*What the task asks*. Stop after the line holding "#45=FACE_BOUND('',#44,.T.);". Repeat exactly every line before it in the records below, that line too, and leave out the pictures.

*** Extracted entries Section Begins ***

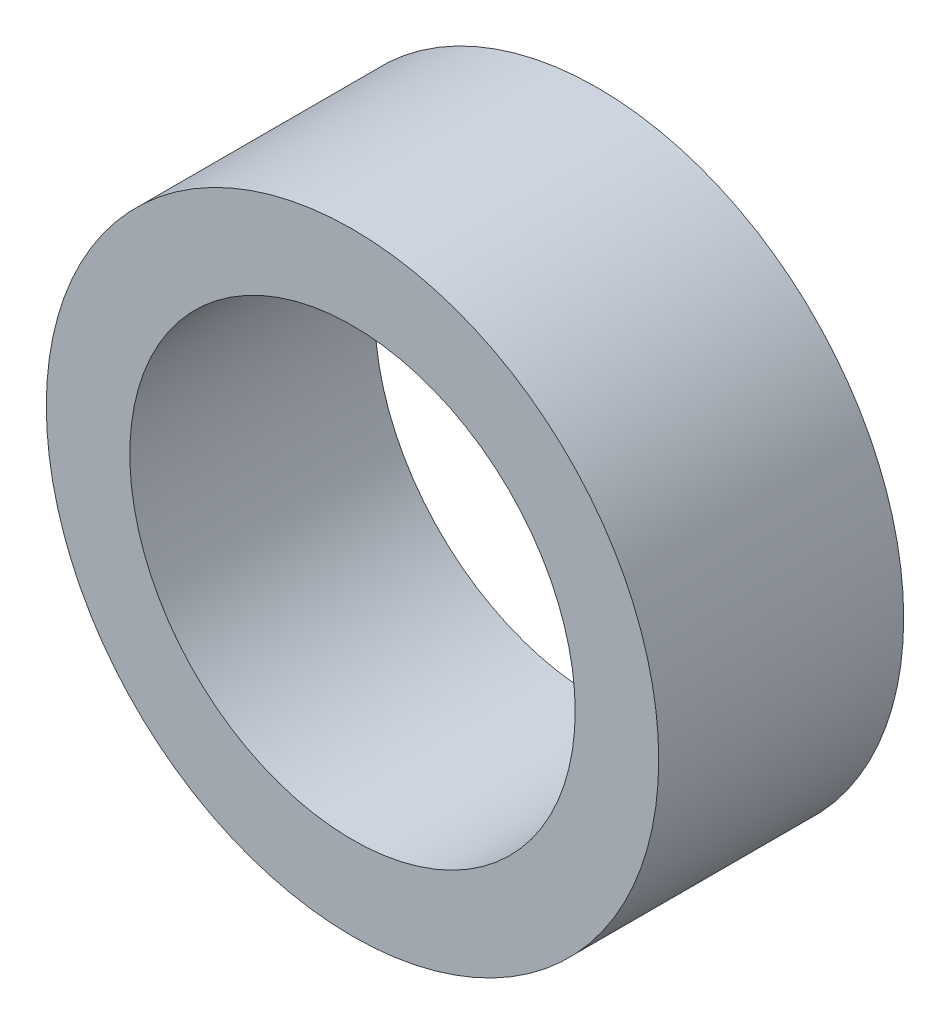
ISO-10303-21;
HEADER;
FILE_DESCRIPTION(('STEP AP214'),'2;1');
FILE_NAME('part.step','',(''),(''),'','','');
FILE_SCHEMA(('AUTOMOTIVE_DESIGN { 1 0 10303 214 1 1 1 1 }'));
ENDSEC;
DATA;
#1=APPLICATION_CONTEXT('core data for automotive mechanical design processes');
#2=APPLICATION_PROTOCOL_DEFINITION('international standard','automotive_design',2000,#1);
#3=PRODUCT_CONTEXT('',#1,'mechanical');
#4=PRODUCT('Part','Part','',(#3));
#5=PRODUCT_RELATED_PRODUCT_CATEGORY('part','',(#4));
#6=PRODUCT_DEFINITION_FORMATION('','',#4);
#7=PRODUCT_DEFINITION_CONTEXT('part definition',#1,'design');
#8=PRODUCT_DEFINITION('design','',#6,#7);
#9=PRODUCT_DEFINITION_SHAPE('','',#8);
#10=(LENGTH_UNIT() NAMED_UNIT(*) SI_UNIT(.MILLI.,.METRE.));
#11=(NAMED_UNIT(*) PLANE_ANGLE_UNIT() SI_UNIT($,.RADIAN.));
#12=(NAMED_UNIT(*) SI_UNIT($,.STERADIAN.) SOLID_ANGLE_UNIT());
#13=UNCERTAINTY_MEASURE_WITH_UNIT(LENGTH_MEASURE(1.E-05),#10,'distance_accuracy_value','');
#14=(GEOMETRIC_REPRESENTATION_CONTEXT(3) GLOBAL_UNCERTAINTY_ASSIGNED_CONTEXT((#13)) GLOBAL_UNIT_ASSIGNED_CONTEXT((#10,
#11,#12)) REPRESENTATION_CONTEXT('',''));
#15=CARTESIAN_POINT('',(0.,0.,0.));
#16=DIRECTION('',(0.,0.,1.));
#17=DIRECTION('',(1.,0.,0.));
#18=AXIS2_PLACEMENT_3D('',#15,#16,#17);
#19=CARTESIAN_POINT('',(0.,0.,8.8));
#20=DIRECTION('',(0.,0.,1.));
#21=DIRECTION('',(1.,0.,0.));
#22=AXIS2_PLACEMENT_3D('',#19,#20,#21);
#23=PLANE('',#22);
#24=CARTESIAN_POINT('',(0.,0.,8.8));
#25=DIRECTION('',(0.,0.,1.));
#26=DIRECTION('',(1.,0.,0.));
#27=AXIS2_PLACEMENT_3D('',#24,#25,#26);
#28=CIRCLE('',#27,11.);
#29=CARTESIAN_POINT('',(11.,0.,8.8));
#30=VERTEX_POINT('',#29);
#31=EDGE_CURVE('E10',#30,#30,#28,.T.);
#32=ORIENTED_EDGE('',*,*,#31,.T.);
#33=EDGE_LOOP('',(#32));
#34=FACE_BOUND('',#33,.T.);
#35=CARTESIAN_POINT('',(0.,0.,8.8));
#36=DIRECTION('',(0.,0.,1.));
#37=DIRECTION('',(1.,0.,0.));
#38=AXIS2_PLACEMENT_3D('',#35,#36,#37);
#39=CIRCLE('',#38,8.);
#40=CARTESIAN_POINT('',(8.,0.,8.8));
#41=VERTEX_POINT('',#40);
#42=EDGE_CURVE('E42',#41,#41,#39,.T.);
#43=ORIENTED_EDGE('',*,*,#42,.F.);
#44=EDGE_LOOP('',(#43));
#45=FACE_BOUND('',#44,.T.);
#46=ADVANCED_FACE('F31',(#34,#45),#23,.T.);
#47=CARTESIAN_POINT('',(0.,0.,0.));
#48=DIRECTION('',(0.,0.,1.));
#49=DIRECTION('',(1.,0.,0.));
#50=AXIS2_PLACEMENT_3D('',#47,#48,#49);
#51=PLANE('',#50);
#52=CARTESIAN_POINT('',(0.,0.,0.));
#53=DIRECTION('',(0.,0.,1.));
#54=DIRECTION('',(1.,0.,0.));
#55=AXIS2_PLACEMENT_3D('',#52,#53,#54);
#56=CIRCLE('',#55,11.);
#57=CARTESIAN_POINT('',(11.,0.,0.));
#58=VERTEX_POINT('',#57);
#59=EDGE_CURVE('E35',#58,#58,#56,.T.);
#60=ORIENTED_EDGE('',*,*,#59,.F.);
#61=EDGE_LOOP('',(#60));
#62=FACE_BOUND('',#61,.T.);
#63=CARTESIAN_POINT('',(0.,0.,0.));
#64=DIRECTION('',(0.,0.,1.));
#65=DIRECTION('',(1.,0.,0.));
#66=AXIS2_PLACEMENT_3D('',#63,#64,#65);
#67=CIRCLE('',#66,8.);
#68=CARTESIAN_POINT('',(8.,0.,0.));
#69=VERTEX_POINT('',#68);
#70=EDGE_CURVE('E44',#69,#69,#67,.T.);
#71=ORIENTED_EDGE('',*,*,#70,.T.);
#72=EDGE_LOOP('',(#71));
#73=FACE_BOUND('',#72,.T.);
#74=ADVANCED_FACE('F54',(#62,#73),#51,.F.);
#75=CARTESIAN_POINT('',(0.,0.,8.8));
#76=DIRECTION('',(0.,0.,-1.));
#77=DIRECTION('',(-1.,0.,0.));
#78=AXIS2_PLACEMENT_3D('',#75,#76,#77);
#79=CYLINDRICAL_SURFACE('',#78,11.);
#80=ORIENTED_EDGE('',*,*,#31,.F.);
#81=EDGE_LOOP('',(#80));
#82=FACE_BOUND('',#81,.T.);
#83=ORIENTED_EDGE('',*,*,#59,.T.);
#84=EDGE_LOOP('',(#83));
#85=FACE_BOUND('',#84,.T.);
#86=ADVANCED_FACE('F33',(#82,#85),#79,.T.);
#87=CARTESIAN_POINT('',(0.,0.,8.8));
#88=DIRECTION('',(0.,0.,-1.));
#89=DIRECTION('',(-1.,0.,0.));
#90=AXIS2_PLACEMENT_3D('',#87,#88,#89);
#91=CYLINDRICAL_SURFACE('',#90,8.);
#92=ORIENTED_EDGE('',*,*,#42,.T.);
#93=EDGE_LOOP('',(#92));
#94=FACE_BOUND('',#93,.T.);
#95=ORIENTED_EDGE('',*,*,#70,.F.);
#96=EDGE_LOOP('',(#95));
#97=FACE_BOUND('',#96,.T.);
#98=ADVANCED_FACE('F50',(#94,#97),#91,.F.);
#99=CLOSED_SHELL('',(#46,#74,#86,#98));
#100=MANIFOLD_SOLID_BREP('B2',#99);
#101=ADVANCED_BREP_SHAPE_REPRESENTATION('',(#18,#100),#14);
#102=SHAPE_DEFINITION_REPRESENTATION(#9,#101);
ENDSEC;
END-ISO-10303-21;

*** Extracted entries Section Ends ***

*Result of the exercise*.
ISO-10303-21;
HEADER;
FILE_DESCRIPTION(('STEP AP214'),'2;1');
FILE_NAME('part.step','',(''),(''),'','','');
FILE_SCHEMA(('AUTOMOTIVE_DESIGN { 1 0 10303 214 1 1 1 1 }'));
ENDSEC;
DATA;
#1=APPLICATION_CONTEXT('core data for automotive mechanical design processes');
#2=APPLICATION_PROTOCOL_DEFINITION('international standard','automotive_design',2000,#1);
#3=PRODUCT_CONTEXT('',#1,'mechanical');
#4=PRODUCT('Part','Part','',(#3));
#5=PRODUCT_RELATED_PRODUCT_CATEGORY('part','',(#4));
#6=PRODUCT_DEFINITION_FORMATION('','',#4);
#7=PRODUCT_DEFINITION_CONTEXT('part definition',#1,'design');
#8=PRODUCT_DEFINITION('design','',#6,#7);
#9=PRODUCT_DEFINITION_SHAPE('','',#8);
#10=(LENGTH_UNIT() NAMED_UNIT(*) SI_UNIT(.MILLI.,.METRE.));
#11=(NAMED_UNIT(*) PLANE_ANGLE_UNIT() SI_UNIT($,.RADIAN.));
#12=(NAMED_UNIT(*) SI_UNIT($,.STERADIAN.) SOLID_ANGLE_UNIT());
#13=UNCERTAINTY_MEASURE_WITH_UNIT(LENGTH_MEASURE(1.E-05),#10,'distance_accuracy_value','');
#14=(GEOMETRIC_REPRESENTATION_CONTEXT(3) GLOBAL_UNCERTAINTY_ASSIGNED_CONTEXT((#13)) GLOBAL_UNIT_ASSIGNED_CONTEXT((#10,
#11,#12)) REPRESENTATION_CONTEXT('',''));
#15=CARTESIAN_POINT('',(0.,0.,0.));
#16=DIRECTION('',(0.,0.,1.));
#17=DIRECTION('',(1.,0.,0.));
#18=AXIS2_PLACEMENT_3D('',#15,#16,#17);
#19=CARTESIAN_POINT('',(0.,0.,8.8));
#20=DIRECTION('',(0.,0.,1.));
#21=DIRECTION('',(1.,0.,0.));
#22=AXIS2_PLACEMENT_3D('',#19,#20,#21);
#23=PLANE('',#22);
#24=CARTESIAN_POINT('',(0.,0.,8.8));
#25=DIRECTION('',(0.,0.,1.));
#26=DIRECTION('',(1.,0.,0.));
#27=AXIS2_PLACEMENT_3D('',#24,#25,#26);
#28=CIRCLE('',#27,11.);
#29=CARTESIAN_POINT('',(11.,0.,8.8));
#30=VERTEX_POINT('',#29);
#31=EDGE_CURVE('E10',#30,#30,#28,.T.);
#32=ORIENTED_EDGE('',*,*,#31,.T.);
#33=EDGE_LOOP('',(#32));
#34=FACE_BOUND('',#33,.T.);
#35=CARTESIAN_POINT('',(0.,0.,8.8));
#36=DIRECTION('',(0.,0.,1.));
#37=DIRECTION('',(1.,0.,0.));
#38=AXIS2_PLACEMENT_3D('',#35,#36,#37);
#39=CIRCLE('',#38,8.);
#40=CARTESIAN_POINT('',(8.,0.,8.8));
#41=VERTEX_POINT('',#40);
#42=EDGE_CURVE('E42',#41,#41,#39,.T.);
#43=ORIENTED_EDGE('',*,*,#42,.F.);
#44=EDGE_LOOP('',(#43));
#45=FACE_BOUND('',#44,.T.);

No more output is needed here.